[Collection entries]
+ + + +

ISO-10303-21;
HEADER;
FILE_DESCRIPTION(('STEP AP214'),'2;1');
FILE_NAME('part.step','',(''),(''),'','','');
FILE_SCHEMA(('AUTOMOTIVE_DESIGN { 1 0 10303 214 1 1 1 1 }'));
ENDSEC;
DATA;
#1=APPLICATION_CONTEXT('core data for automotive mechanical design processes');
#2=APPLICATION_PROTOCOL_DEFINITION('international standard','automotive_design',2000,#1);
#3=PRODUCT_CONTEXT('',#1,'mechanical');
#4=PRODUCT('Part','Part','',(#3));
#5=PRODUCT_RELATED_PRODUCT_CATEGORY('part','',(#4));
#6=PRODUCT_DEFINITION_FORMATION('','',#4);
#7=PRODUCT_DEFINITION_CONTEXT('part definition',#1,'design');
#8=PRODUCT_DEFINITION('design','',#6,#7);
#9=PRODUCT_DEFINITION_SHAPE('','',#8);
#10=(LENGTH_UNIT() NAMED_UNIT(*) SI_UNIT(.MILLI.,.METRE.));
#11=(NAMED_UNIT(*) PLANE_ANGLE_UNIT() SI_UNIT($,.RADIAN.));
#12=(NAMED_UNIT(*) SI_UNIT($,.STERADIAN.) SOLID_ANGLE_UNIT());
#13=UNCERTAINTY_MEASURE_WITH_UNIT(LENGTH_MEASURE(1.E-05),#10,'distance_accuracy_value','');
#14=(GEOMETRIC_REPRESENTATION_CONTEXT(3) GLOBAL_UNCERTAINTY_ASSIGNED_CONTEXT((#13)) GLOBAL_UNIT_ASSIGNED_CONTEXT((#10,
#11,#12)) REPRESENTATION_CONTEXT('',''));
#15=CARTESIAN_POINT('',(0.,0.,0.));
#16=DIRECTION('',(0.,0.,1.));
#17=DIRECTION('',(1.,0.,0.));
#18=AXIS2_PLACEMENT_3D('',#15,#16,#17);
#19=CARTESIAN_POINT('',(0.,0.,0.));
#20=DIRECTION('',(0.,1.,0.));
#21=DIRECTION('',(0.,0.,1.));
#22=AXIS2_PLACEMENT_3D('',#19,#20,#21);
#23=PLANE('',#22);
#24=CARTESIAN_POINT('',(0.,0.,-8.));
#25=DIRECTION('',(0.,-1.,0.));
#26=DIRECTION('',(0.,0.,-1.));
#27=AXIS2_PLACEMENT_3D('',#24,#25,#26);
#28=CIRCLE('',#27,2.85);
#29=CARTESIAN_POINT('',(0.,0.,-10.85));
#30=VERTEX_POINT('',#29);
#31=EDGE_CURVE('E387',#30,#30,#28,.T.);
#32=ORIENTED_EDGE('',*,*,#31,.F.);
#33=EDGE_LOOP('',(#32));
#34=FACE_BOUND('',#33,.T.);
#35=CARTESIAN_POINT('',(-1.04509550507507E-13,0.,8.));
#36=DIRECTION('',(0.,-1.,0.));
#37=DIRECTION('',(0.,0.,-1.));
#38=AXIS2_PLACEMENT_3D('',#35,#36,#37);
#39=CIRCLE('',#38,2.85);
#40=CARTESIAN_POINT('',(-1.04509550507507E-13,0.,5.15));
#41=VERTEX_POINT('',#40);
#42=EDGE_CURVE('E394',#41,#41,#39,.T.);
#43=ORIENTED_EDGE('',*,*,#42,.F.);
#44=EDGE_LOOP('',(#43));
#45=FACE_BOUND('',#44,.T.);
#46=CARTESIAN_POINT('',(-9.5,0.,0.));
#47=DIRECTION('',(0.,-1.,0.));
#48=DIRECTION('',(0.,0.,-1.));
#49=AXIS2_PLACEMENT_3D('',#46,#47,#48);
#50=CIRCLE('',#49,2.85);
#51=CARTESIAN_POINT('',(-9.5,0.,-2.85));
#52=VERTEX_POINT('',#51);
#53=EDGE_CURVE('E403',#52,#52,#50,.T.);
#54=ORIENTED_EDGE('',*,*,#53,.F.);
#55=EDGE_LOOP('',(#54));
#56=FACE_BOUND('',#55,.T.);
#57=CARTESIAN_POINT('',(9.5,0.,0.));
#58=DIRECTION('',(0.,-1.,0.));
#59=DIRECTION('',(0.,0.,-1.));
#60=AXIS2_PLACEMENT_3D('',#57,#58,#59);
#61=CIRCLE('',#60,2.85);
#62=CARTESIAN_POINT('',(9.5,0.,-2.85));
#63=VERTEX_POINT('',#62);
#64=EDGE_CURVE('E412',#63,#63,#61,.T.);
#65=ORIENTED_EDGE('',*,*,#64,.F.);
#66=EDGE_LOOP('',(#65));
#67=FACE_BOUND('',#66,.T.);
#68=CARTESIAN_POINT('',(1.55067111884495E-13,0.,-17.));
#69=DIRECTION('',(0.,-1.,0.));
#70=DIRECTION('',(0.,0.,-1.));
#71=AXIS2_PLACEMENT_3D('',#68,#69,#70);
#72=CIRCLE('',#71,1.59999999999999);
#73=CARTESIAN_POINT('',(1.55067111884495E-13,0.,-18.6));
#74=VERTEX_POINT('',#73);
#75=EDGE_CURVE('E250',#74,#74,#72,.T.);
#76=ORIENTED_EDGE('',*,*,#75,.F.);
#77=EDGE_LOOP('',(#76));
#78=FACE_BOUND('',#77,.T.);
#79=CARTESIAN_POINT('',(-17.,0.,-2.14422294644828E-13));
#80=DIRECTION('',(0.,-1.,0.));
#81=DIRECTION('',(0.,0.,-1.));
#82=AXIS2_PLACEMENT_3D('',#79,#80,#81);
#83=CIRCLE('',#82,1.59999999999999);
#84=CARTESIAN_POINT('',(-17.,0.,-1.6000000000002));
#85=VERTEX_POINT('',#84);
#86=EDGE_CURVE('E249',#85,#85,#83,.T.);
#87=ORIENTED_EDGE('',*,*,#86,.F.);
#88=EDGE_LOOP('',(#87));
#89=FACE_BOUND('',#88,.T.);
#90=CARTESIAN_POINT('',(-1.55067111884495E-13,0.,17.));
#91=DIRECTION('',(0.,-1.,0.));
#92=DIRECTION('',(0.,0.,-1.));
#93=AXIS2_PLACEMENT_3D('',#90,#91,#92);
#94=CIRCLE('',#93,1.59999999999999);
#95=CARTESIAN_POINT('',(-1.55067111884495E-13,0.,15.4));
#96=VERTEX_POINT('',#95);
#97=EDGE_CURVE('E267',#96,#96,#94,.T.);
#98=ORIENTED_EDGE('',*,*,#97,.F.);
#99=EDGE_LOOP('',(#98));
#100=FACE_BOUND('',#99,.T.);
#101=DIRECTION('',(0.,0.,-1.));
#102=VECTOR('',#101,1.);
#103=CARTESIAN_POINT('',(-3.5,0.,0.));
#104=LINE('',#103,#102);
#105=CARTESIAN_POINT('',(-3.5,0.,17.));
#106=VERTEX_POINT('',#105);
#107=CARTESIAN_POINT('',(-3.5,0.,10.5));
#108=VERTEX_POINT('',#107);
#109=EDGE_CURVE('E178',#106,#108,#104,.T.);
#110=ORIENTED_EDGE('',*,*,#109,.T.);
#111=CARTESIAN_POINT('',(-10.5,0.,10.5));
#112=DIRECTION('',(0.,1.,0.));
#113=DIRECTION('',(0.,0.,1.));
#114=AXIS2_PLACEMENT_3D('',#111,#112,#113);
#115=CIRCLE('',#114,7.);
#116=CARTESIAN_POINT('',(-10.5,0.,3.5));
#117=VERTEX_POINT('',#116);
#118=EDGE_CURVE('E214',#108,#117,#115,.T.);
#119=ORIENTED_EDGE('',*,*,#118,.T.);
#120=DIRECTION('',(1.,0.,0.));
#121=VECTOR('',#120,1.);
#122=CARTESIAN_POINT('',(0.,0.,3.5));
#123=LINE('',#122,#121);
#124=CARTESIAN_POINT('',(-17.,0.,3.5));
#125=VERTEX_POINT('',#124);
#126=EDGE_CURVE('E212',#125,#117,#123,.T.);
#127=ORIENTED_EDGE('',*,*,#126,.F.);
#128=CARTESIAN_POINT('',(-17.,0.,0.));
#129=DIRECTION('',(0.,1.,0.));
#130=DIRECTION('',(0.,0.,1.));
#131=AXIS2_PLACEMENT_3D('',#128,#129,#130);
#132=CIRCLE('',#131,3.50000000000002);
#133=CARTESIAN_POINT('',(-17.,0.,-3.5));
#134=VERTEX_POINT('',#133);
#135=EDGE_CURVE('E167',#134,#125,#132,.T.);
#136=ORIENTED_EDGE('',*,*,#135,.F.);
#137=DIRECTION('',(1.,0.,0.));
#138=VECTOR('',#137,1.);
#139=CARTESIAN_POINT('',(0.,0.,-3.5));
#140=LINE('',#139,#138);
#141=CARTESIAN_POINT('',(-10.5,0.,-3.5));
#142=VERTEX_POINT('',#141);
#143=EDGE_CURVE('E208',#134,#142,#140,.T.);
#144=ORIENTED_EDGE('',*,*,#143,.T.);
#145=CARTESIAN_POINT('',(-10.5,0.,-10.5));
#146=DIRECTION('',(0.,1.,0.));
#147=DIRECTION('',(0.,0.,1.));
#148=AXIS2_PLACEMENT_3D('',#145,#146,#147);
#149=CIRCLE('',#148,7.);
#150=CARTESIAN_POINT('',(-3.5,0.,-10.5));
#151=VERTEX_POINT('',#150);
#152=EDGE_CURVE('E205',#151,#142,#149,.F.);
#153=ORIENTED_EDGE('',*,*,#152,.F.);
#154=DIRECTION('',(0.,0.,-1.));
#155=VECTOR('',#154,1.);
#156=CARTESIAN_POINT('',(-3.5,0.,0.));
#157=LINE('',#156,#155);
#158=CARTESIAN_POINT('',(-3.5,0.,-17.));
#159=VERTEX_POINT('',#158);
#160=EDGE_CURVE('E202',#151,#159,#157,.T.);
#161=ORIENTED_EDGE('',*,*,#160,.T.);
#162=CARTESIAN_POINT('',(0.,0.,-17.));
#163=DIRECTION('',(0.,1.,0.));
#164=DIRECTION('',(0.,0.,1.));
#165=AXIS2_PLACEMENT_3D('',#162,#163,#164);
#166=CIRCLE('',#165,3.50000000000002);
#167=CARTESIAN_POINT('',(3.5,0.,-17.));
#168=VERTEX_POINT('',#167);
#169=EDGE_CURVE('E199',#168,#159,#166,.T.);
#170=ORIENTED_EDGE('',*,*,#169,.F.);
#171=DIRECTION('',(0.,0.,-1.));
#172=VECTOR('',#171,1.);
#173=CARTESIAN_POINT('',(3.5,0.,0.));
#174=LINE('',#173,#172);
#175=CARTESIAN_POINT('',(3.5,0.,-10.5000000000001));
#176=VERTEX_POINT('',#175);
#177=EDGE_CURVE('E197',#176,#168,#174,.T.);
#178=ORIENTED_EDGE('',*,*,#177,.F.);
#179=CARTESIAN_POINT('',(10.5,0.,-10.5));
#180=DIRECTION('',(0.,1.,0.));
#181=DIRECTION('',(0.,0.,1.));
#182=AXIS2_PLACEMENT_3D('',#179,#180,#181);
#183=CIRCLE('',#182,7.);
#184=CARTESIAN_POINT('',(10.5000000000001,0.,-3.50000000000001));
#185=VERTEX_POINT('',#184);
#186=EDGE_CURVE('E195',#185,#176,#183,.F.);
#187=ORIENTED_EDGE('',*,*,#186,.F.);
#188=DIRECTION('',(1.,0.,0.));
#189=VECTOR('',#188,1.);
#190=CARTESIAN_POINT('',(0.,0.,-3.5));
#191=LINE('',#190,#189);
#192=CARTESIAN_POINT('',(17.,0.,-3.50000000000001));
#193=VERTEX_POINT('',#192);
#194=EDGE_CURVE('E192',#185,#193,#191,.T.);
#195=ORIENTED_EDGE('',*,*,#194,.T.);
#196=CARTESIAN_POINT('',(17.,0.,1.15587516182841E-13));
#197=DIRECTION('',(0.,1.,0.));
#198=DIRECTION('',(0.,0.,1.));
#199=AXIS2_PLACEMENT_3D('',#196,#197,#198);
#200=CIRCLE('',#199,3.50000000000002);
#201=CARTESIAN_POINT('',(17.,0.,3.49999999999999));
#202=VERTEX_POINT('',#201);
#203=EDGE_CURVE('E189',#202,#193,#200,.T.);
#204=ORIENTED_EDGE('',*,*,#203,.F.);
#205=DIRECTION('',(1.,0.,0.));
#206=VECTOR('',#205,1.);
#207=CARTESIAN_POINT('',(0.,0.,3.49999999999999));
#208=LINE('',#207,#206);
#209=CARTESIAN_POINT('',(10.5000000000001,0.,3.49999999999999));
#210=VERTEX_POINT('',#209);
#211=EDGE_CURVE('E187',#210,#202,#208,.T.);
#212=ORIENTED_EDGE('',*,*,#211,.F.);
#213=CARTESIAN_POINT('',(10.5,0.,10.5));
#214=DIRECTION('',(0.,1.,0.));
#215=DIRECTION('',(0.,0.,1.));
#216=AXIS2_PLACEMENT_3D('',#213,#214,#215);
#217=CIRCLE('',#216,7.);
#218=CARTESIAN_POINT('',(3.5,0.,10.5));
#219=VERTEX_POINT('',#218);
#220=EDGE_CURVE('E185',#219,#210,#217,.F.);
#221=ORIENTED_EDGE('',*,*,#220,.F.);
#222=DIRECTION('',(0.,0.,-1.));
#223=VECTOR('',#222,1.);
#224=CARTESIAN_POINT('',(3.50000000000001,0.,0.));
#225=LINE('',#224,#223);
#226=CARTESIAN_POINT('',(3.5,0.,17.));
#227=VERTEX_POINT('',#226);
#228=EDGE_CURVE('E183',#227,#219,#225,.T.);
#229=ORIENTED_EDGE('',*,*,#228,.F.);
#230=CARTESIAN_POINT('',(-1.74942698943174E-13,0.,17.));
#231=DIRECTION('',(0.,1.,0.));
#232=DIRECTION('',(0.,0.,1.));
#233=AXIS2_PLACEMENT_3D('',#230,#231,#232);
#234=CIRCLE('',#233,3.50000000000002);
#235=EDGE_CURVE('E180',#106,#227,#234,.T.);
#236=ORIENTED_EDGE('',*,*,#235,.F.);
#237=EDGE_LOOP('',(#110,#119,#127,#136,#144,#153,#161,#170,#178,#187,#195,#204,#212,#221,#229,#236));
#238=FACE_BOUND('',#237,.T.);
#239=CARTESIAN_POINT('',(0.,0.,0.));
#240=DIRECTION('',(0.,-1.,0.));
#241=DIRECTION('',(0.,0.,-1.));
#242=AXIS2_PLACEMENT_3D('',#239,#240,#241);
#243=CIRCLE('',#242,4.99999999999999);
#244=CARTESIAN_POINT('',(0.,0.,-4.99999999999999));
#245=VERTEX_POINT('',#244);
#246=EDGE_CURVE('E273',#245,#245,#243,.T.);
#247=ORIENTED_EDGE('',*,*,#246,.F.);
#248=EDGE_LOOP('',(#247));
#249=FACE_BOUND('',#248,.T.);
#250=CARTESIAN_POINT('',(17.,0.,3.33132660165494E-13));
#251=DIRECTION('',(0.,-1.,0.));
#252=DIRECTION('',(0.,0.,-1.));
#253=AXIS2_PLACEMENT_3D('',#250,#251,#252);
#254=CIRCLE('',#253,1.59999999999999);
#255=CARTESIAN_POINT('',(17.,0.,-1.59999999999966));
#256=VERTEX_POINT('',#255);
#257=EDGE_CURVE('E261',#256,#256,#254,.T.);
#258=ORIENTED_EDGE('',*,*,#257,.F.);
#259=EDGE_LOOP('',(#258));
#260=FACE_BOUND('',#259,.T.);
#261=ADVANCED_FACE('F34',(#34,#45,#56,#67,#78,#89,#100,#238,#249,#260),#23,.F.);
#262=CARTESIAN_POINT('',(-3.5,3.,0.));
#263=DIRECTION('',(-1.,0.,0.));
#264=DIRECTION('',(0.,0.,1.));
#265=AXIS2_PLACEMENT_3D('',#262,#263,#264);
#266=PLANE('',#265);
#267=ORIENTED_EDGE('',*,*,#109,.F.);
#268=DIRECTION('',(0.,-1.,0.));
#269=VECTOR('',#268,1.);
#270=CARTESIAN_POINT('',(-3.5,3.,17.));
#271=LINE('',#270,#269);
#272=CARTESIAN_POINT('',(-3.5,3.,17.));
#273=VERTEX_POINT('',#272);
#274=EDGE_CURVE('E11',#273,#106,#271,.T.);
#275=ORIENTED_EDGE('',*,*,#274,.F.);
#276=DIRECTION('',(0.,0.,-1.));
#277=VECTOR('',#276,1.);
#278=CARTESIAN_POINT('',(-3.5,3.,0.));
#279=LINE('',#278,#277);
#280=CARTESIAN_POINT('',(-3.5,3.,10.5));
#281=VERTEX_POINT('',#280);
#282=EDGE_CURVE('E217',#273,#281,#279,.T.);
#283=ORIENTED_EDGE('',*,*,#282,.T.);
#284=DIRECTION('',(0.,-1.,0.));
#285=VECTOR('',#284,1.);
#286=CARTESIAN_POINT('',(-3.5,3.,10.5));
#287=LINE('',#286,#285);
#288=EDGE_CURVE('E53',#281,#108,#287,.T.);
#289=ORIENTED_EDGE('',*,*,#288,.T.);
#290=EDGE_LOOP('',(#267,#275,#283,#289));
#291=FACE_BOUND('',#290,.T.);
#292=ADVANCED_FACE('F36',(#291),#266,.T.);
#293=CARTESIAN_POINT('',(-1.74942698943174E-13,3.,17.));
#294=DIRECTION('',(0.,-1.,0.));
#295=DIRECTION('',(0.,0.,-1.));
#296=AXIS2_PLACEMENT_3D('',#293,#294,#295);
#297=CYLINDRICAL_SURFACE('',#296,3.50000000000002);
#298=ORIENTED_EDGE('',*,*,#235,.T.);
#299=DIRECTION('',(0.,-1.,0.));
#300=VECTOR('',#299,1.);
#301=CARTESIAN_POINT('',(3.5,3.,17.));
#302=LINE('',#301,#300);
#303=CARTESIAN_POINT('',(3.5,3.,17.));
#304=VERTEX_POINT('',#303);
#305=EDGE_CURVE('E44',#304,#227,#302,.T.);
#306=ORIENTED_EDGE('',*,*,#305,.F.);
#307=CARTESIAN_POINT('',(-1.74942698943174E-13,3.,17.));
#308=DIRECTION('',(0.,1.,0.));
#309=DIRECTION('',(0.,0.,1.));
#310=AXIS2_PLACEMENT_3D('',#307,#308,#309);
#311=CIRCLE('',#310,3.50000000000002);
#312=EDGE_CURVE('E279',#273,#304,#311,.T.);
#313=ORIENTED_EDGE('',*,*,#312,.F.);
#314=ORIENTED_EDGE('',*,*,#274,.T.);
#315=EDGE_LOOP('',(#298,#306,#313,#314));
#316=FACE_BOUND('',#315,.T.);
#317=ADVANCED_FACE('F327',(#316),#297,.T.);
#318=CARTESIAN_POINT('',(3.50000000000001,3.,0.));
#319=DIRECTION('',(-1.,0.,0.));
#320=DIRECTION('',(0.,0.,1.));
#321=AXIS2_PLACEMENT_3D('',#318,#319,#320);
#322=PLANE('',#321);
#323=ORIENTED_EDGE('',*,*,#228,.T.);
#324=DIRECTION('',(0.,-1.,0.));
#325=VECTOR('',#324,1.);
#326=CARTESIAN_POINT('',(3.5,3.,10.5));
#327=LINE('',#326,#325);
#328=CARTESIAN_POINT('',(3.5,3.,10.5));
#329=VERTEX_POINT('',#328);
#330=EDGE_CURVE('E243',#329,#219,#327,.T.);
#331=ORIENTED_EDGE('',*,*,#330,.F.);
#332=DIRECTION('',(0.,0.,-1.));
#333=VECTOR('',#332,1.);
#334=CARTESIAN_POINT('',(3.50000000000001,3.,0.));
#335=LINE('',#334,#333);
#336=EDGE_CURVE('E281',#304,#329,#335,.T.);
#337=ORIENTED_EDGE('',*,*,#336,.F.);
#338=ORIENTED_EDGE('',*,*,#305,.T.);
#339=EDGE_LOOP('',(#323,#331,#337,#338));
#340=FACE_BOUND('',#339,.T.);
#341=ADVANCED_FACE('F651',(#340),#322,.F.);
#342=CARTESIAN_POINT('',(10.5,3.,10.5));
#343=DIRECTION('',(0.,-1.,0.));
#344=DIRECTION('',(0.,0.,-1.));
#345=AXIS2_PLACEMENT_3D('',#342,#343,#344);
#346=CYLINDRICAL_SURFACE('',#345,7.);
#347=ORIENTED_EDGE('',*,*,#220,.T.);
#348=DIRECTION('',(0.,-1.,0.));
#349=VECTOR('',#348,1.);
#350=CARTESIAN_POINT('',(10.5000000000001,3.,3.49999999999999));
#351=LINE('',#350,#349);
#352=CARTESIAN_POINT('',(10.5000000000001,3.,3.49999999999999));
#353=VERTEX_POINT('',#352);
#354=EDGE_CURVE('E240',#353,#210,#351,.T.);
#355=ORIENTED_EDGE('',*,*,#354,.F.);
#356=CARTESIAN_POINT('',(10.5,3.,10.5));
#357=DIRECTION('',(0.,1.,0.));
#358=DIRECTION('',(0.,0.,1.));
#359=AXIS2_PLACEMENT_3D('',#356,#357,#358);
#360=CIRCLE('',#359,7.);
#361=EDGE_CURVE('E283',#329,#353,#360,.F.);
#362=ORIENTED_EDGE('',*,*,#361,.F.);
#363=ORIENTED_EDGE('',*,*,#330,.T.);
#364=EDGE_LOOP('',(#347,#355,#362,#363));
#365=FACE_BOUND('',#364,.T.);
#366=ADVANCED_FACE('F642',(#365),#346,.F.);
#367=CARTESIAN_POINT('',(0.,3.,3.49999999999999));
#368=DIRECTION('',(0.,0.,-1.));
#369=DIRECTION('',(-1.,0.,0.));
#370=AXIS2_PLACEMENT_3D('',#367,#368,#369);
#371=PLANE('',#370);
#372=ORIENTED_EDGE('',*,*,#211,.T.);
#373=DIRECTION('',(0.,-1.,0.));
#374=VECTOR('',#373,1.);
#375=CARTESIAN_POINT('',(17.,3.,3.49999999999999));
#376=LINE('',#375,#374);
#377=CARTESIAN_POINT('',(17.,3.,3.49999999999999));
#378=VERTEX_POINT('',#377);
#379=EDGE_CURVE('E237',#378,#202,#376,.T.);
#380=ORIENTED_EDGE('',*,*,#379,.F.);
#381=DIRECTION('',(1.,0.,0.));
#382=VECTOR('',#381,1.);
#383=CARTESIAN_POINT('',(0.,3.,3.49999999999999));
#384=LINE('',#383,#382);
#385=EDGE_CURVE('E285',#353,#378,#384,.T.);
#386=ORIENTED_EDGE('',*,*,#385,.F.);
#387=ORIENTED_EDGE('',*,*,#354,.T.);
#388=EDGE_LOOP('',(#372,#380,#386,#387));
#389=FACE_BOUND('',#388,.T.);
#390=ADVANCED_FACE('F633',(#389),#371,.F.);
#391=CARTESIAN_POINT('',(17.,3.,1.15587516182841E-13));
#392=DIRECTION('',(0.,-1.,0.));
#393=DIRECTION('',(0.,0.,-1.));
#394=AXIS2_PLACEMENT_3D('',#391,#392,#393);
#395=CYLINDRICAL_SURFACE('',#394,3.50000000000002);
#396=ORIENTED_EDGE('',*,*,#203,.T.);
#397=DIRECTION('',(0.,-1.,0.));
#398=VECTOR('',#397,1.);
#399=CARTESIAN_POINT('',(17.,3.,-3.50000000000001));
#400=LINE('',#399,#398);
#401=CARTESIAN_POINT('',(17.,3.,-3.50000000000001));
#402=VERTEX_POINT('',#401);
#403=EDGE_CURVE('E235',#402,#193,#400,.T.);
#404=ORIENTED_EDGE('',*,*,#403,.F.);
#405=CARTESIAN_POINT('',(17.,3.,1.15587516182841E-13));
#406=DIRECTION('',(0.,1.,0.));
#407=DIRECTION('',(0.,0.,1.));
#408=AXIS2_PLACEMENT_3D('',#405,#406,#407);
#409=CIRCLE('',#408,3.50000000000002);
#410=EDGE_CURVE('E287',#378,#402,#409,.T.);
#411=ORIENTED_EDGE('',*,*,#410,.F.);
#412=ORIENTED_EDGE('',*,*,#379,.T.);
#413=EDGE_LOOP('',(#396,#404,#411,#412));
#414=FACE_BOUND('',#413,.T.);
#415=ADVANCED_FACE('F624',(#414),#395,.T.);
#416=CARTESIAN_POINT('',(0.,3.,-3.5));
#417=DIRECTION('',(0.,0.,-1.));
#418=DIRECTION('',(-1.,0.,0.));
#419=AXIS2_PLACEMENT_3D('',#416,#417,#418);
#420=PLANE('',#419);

+ + + +

What the task requires. From the records above, transcribe exactly the run of lines that opens with the line holding "#291=FACE_BOUND('',#290,.T.);" and closes with the line holding "#313=ORIENTED_EDGE('',*,*,#312,.F.);", both included.

Solution for this problem.
#291=FACE_BOUND('',#290,.T.);
#292=ADVANCED_FACE('F36',(#291),#266,.T.);
#293=CARTESIAN_POINT('',(-1.74942698943174E-13,3.,17.));
#294=DIRECTION('',(0.,-1.,0.));
#295=DIRECTION('',(0.,0.,-1.));
#296=AXIS2_PLACEMENT_3D('',#293,#294,#295);
#297=CYLINDRICAL_SURFACE('',#296,3.50000000000002);
#298=ORIENTED_EDGE('',*,*,#235,.T.);
#299=DIRECTION('',(0.,-1.,0.));
#300=VECTOR('',#299,1.);
#301=CARTESIAN_POINT('',(3.5,3.,17.));
#302=LINE('',#301,#300);
#303=CARTESIAN_POINT('',(3.5,3.,17.));
#304=VERTEX_POINT('',#303);
#305=EDGE_CURVE('E44',#304,#227,#302,.T.);
#306=ORIENTED_EDGE('',*,*,#305,.F.);
#307=CARTESIAN_POINT('',(-1.74942698943174E-13,3.,17.));
#308=DIRECTION('',(0.,1.,0.));
#309=DIRECTION('',(0.,0.,1.));
#310=AXIS2_PLACEMENT_3D('',#307,#308,#309);
#311=CIRCLE('',#310,3.50000000000002);
#312=EDGE_CURVE('E279',#273,#304,#311,.T.);
#313=ORIENTED_EDGE('',*,*,#312,.F.);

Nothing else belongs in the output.